Given entries:

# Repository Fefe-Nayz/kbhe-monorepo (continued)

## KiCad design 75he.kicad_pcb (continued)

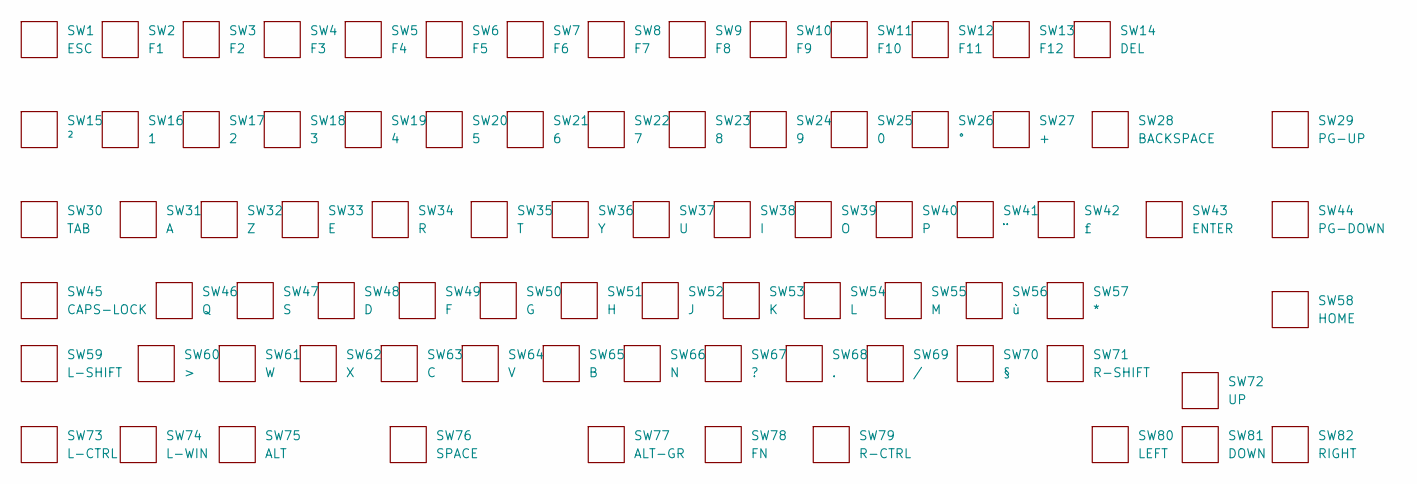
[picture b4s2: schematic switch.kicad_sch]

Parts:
SW1: ESC; Switch_1U
SW2: F1; Switch_1U
SW3: F2; Switch_1U
SW4: F3; Switch_1U
SW5: F4; Switch_1U
SW6: F5; Switch_1U
SW7: F6; Switch_1U
SW8: F7; Switch_1U
SW9: F8; Switch_1U
SW10: F9; Switch_1U
SW11: F10; Switch_1U
SW12: F11; Switch_1U
SW13: F12; Switch_1U
SW14: DEL; Switch_1U
SW15: ²; Switch_1U
SW16: 1; Switch_1U
SW17: 2; Switch_1U
SW18: 3; Switch_1U
SW19: 4; Switch_1U
SW20: 5; Switch_1U
SW21: 6; Switch_1U
SW22: 7; Switch_1U
SW23: 8; Switch_1U
SW24: 9; Switch_1U
SW25: 0; Switch_1U
SW26: °; Switch_1U
SW27: +; Switch_1U
SW28: BACKSPACE; Switch_2U
SW29: PG-UP; Switch_1U
SW30: TAB; Switch_1.5U
SW31: A; Switch_1U
SW32: Z; Switch_1U
SW33: E; Switch_1U
SW34: R; Switch_1U
SW35: T; Switch_1U
SW36: Y; Switch_1U
SW37: U; Switch_1U
SW38: I; Switch_1U
SW39: O; Switch_1U
SW40: P; Switch_1U
SW41: ¨; Switch_1U
SW42: £; Switch_1U
SW43: ENTER; Switch_ENTER_ISO
SW44: PG-DOWN; Switch_1U
SW45: CAPS-LOCK; Switch_1.75U
SW46: Q; Switch_1U
SW47: S; Switch_1U
SW48: D; Switch_1U
SW49: F; Switch_1U
SW50: G; Switch_1U
SW51: H; Switch_1U
SW52: J; Switch_1U
SW53: K; Switch_1U
SW54: L; Switch_1U
SW55: M; Switch_1U
SW56: ù; Switch_1U
SW57: *; Switch_1U
SW58: HOME; Switch_1U
SW59: L-SHIFT; Switch_1.25U
SW60: >; Switch_1U
SW61: W; Switch_1U
SW62: X; Switch_1U
SW63: C; Switch_1U
SW64: V; Switch_1U
SW65: B; Switch_1U
SW66: N; Switch_1U
SW67: ?; Switch_1U
SW68: .; Switch_1U
SW69: /; Switch_1U
SW70: §; Switch_1U
SW71: R-SHIFT; Switch_1.75U
SW72: UP; Switch_1U
SW73: L-CTRL; Switch_1.25U
SW74: L-WIN; Switch_1.25U
SW75: ALT; Switch_1.25U
SW76: SPACE; Switch_6.25U
SW77: ALT-GR; Switch_1U
SW78: FN; Switch_1U
SW79: R-CTRL; Switch_1U
SW80: LEFT; Switch_1U
SW81: DOWN; Switch_1U
SW82: RIGHT; Switch_1U

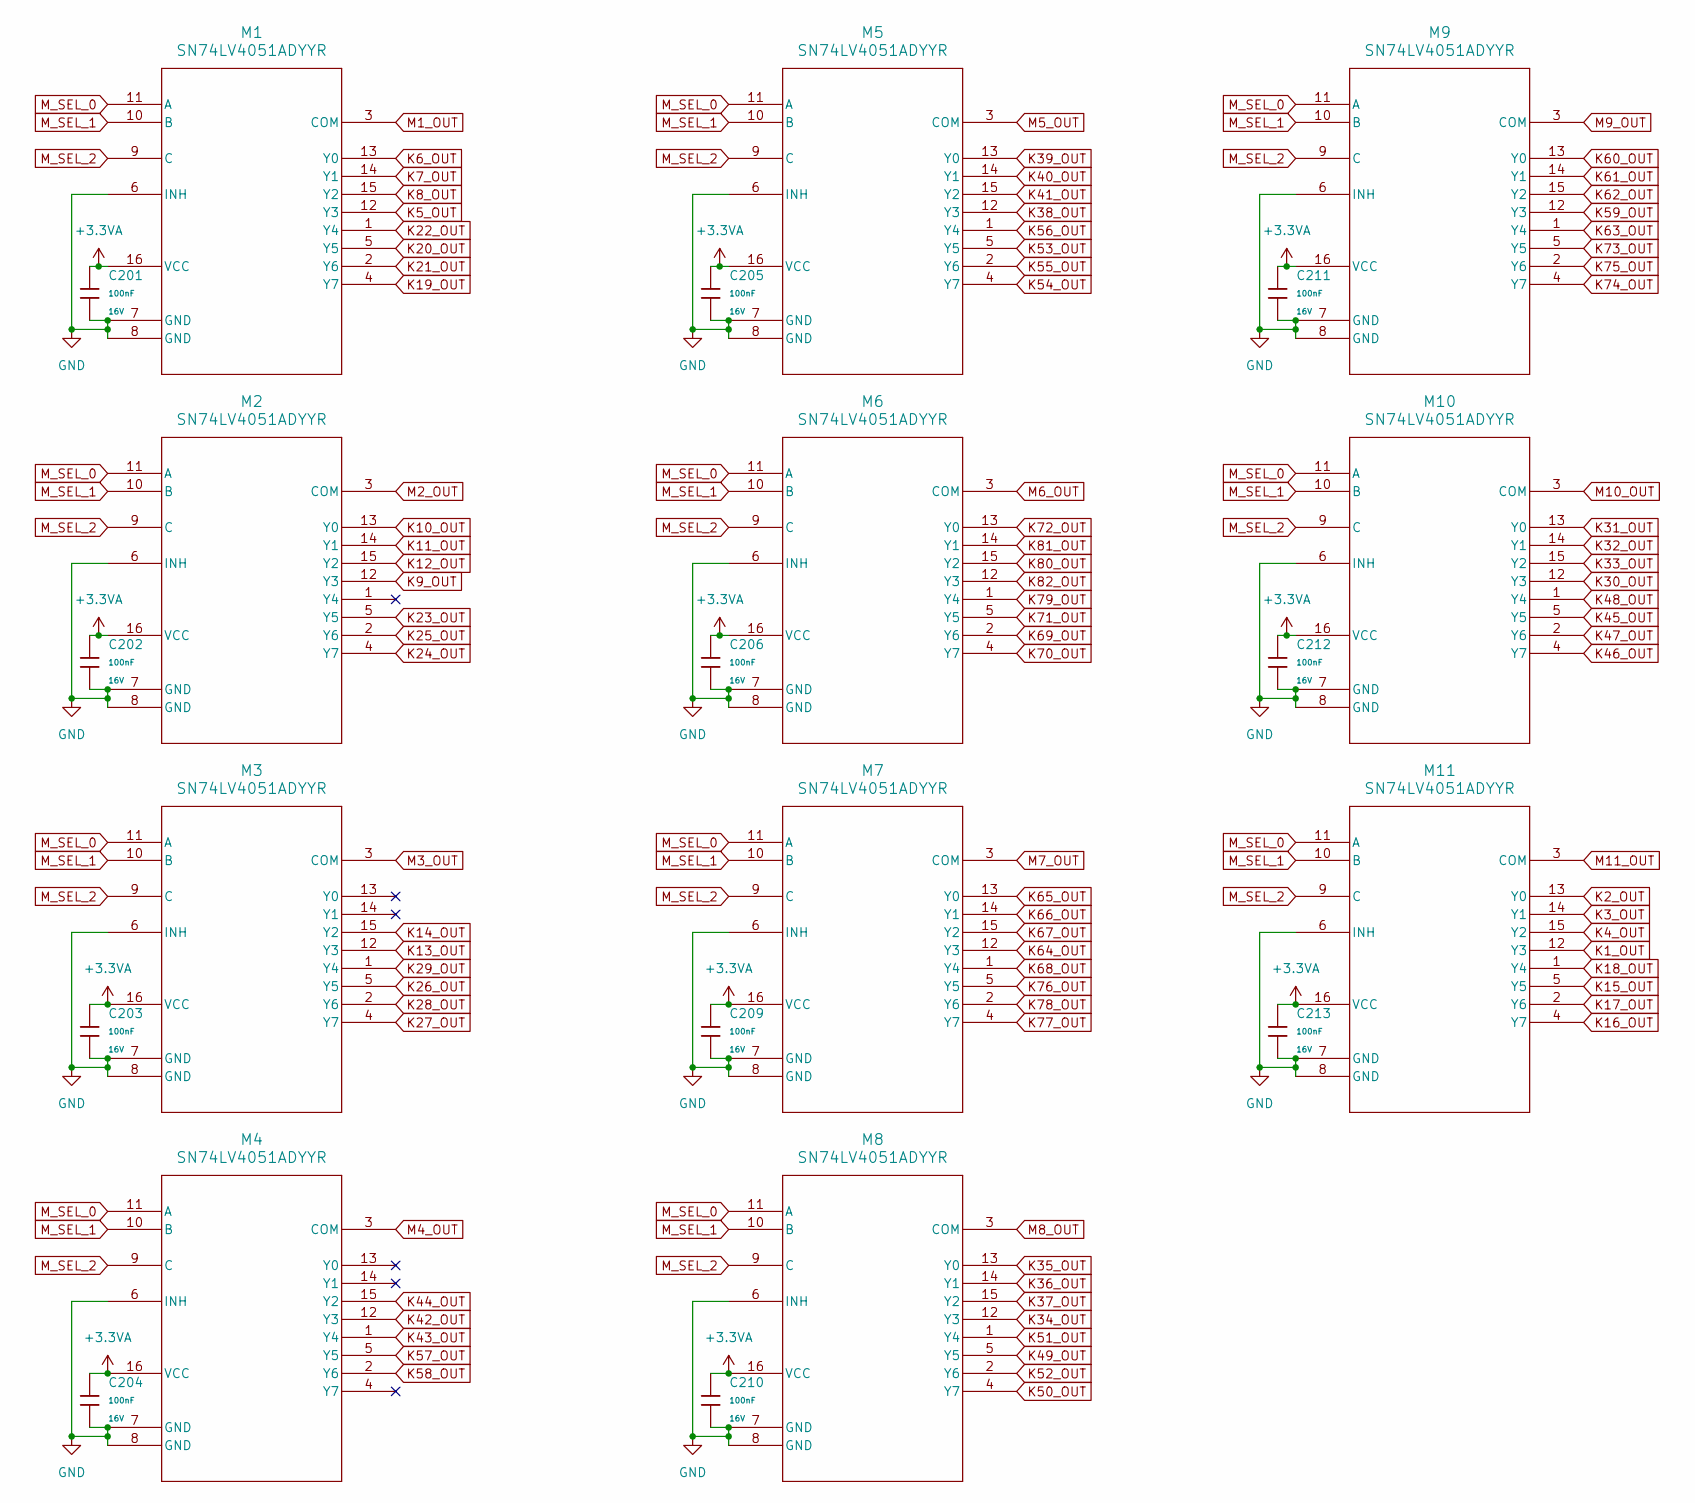
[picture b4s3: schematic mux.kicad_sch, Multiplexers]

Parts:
C201, C202, C203, C204, C205, C206, C209, C210, C211, C212, C213: 100nF; C_0402; Voltage Rated 16V; Tolerance ±10%; Part CL05B104KO5NNNC; LCSC C1525
M1, M2, M3, M4, M5, M6, M7, M8, M9, M10, M11: SN74LV4051ADYYR; SOT-23-THIN16_DYY_TEX

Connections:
+3.3VA: C201.1, C202.1, C203.1, C204.1, C205.1, C206.1, C209.1, C210.1, C211.1, C212.1, C213.1, M1.16 (VCC), M2.16 (VCC), M3.16 (VCC), M4.16 (VCC), M5.16 (VCC), M6.16 (VCC), M7.16 (VCC), M8.16 (VCC), M9.16 (VCC), M10.16 (VCC), M11.16 (VCC); also elsewhere on the board
GND: C201.2, C202.2, C203.2, C204.2, C205.2, C206.2, C209.2, C210.2, C211.2, C212.2, C213.2, M1.6 (INH), M1.7 (GND), M1.8 (GND), M2.6 (INH), M2.7 (GND), M2.8 (GND), M3.6 (INH), M3.7 (GND), M3.8 (GND), M4.6 (INH), M4.7 (GND), M4.8 (GND), M5.6 (INH), M5.7 (GND), M5.8 (GND), M6.6 (INH), M6.7 (GND), M6.8 (GND), M7.6 (INH), M7.7 (GND), M7.8 (GND), M8.6 (INH), M8.7 (GND), M8.8 (GND), M9.6 (INH), M9.7 (GND), M9.8 (GND), M10.6 (INH), M10.7 (GND), M10.8 (GND), M11.6 (INH), M11.7 (GND), M11.8 (GND); also elsewhere on the board
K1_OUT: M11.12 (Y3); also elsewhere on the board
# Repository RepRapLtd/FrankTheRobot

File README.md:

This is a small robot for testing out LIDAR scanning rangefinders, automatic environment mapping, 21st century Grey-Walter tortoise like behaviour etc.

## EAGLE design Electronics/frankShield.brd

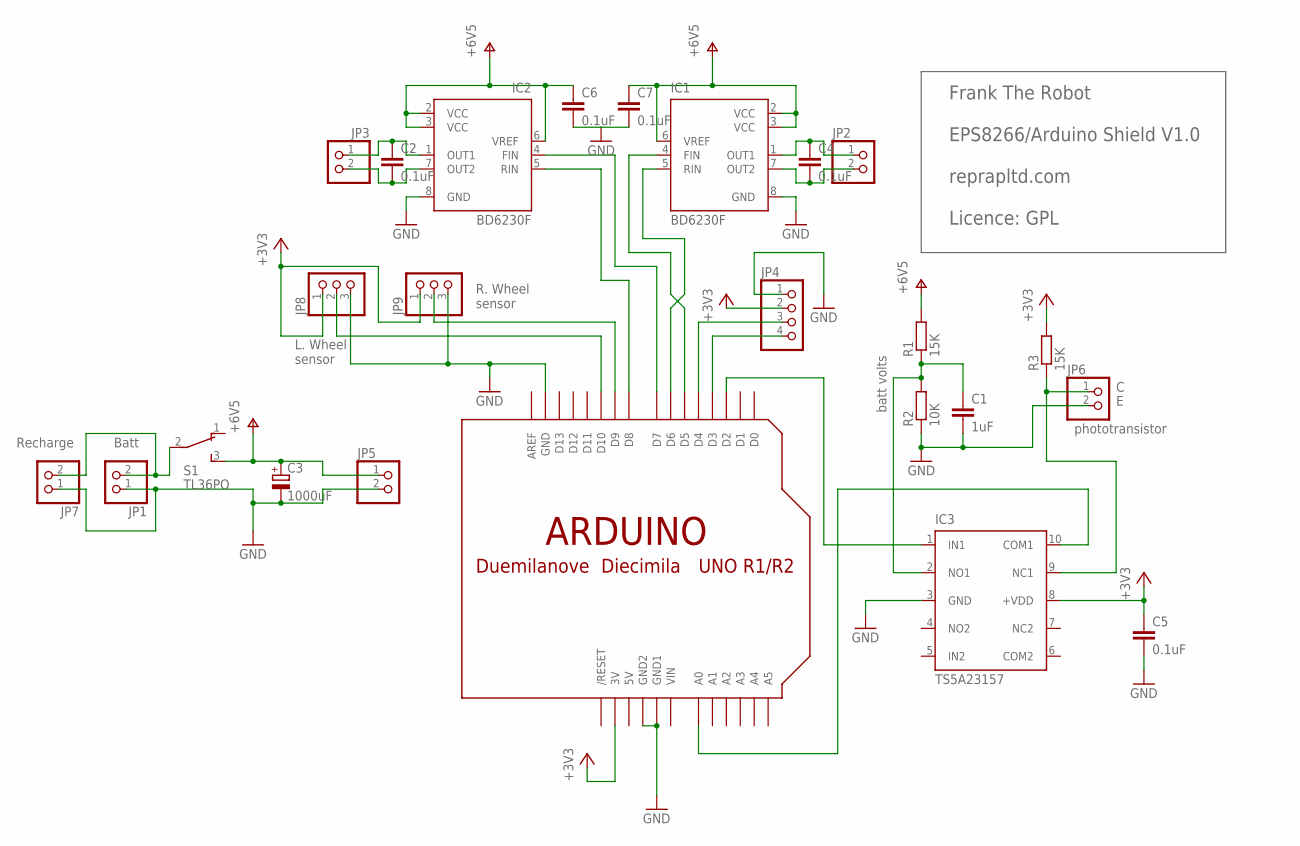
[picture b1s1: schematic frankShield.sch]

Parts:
C1: 1uF; C0805
C2, C4, C5, C6, C7: 0.1uF; C0805
C3: 1000uF; B45181B
IC1, IC2: BD6230F; SOP8
IC3: TS5A23157; MSOP10
JP1, JP2, JP3, JP5, JP6, JP7: PINHD-1X2; 1X02
JP4: PINHD-1X4; 1X04
JP8, JP9: PINHD-1X3; 1X03
R1, R3: 15K; M0805
R2: 10K; M0805
S1: TL36PO; TL3XPO
U$1: ARDUINO-BPLACE

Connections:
5V: U$1.5V
+3V3: C5.1, IC3.8 (+VDD), JP4.2, JP8.1, JP9.1, R3.2, U$1.3V
GND: C1.2, C3.-, C5.2, C6.2, C7.2, IC1.8 (GND), IC2.8 (GND), IC3.3 (GND), JP1.1, JP4.1, JP5.2, JP6.2, JP7.1, JP8.3, JP9.3, R2.1, U$1.GND, U$1.GND1, U$1.GND2
unnamed: JP4.4, U$1.D3
unnamed: JP4.3, U$1.D4
unnamed: C2.1, IC2.1 (OUT1), JP3.1
unnamed: C2.2, IC2.7 (OUT2), JP3.2
unnamed: C4.1, IC1.1 (OUT1), JP2.1
unnamed: C4.2, IC1.7 (OUT2), JP2.2
unnamed: IC1.5 (RIN), U$1.D6
unnamed: IC1.4 (FIN), U$1.D5
unnamed: IC2.4 (FIN), U$1.D7
unnamed: IC2.5 (RIN), U$1.D8
unnamed: IC3.10 (COM1), U$1.A0
unnamed: C1.1, IC3.2 (NO1), R1.1, R2.2
unnamed: JP1.2, JP7.2, S1.2
unnamed: IC3.9 (NC1), JP6.1, R3.1
unnamed: IC3.1 (IN1), U$1.D2
unnamed: JP9.2, U$1.D9
unnamed: JP8.2, U$1.D10
NC2: IC3.7 (NC2)
V+: C3.+, C6.1, C7.1, IC1.2 (VCC), IC1.3 (VCC), IC1.6 (VREF), IC2.2 (VCC), IC2.3 (VCC), IC2.6 (VREF), JP5.1, R1.2, S1.3 (S)
VIN: U$1.VIN

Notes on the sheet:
phototransistor
Frank The Robot EPS8266/Arduino Shield V1.0 reprapltd.com Licence: GPL
Batt
Recharge
L. Wheel sensor
R. Wheel sensor
batt volts

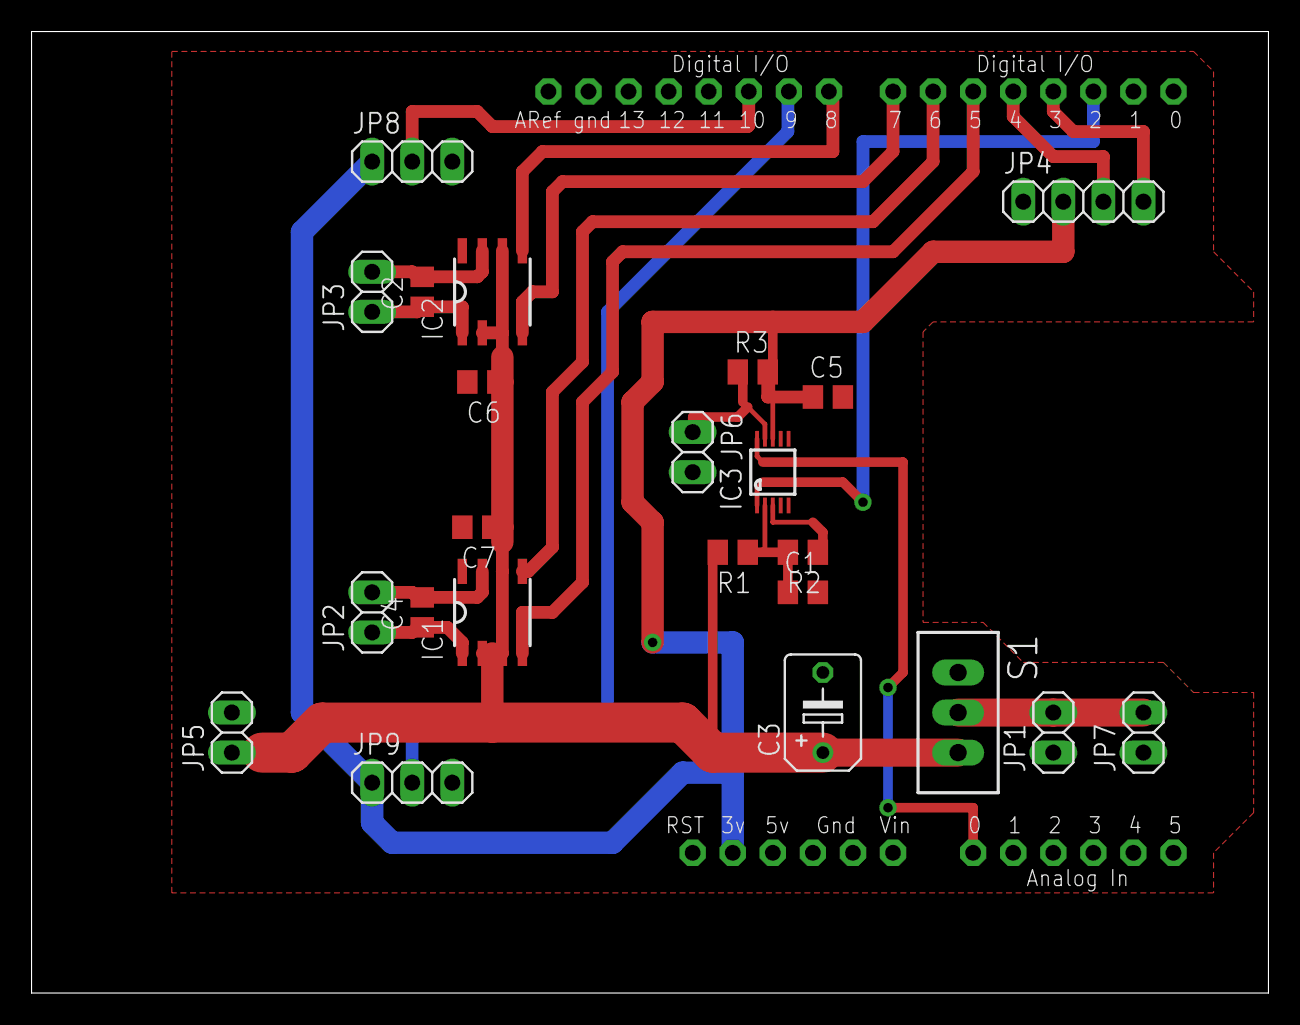
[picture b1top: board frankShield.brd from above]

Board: 2 copper layers, 78.4 x 61.0 mm, 24 parts (0 on the bottom side), 20 nets.

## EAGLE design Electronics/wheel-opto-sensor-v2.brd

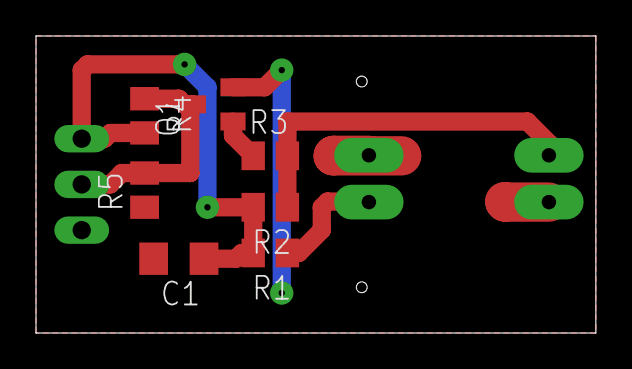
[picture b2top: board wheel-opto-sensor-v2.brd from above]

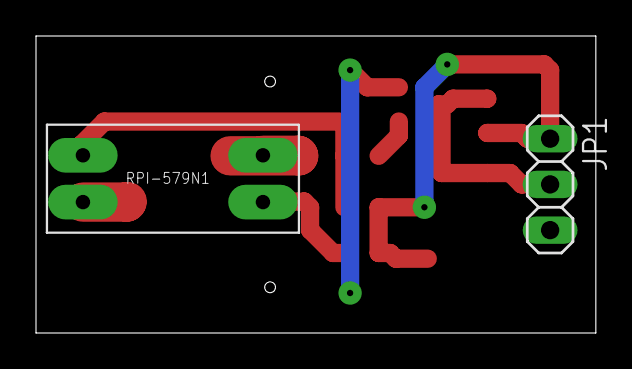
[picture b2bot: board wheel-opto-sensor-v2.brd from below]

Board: 2 copper layers, 31.1 x 16.5 mm, 9 parts (2 on the bottom side), 6 nets.

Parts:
C1: 10uF; C1206
JP1: 1X03
Q1: SOT23
R1: 120R; M0805
R2: 1K8; M0805
R3: 10K; M0805
R4: 1K2; M0805
R5: 1K; M0805
U$1: RPI-579N1

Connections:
+3V3: C1.1, JP1.1, R1.2, R2.2, R4.2
GND: C1.2, JP1.3, Q1.2, R5.1, U$1.P$2, U$1.P$4
unnamed: JP1.2, Q1.3, R4.1, R5.2
unnamed: R1.1, U$1.P$1
unnamed: Q1.1, R3.1
unnamed: R2.1, R3.2, U$1.P$3

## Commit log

2017-12-18 New software that behaves sensibly with obstacles.
2017-12-19 1st hack at the shield design for WiFi Frank...
2017-12-21 Improved shield design. GERBER files added.
2017-12-21 Just testing the clean function...
2018-01-04 Added opposite rotation on bump and additional "wiggle" scan every 10 secs
2018-01-08 Added Frank's picture...
    Also Sally w.i.p. on the WiFi version.
2018-01-31 Updated electronics to power the wheel sensors directly off the battery. (They take too much current from 3V3 if that is used; the sensors now have potential dividers so their output never exceeds 3v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
    Added a PCB test program for the Wemos D1/ESP8266 board (W.I.P.)
2018-02-01 Increased diameter of optosensor vias to make them easier to mill.
2018-02-01 Added LED to shield, and anti-short safety diode to the charge circuit.
2018-05-11 PCBs corrected (D9 now LED) and improved (wheel sensor has 4 mounting holes); software updated to match.
2018-06-08 PCB test program updated; all works.
    TODO: write motor callibration function
    update schematic and PCB to take account of the use of the
    LED pin for input
2018-06-11 Caution update...
2018-06-20 Wemos MINI PCB added. Corrections to battery holder W.I.P.
2018-06-24 Sally's design mods.
2019-01-25 Added phototransistor 665-5347 to schematic.
2019-01-30 File tidying.
2019-05-20 Latest control prog (0.3) W.I.P.
2019-05-22 Compiles without errors...
2020-05-19 Starting work on Frank 2.0.
    Shaft opto encoder and motor/voltage speed experiment.
2020-05-20 Electronics for Frank 2.0 WIP.
2020-05-21 Frank 2 electronics WIP.
2020-05-22 Frank 2.0 electronics WIP.
2020-05-22 Now with indicator LEDs...
2020-05-25 Electronics WIP
2020-05-26 PCB WIP
2020-05-27 PCB finished (but probably not final...) Except for silks
2020-07-03 Updating lots of Frank 2.0 stuff...
2020-07-30 Improved motor mount and sensor. Improved motor test program.
2020-07-31 Improved motor test program WIP.
2020-08-03 Improved motor test program now working.
2020-08-12 Motor and castor design improvements. I2C pullup resistors added.
2020-09-02 Updated s/w and PCB
2021-03-25 PCB as prototyped.
2024-05-29 Updating

What is required:
Filter the records above for "PINHD" and copy every matching line.

Task solution:
JP1, JP2, JP3, JP5, JP6, JP7: PINHD-1X2; 1X02
JP4: PINHD-1X4; 1X04
JP8, JP9: PINHD-1X3; 1X03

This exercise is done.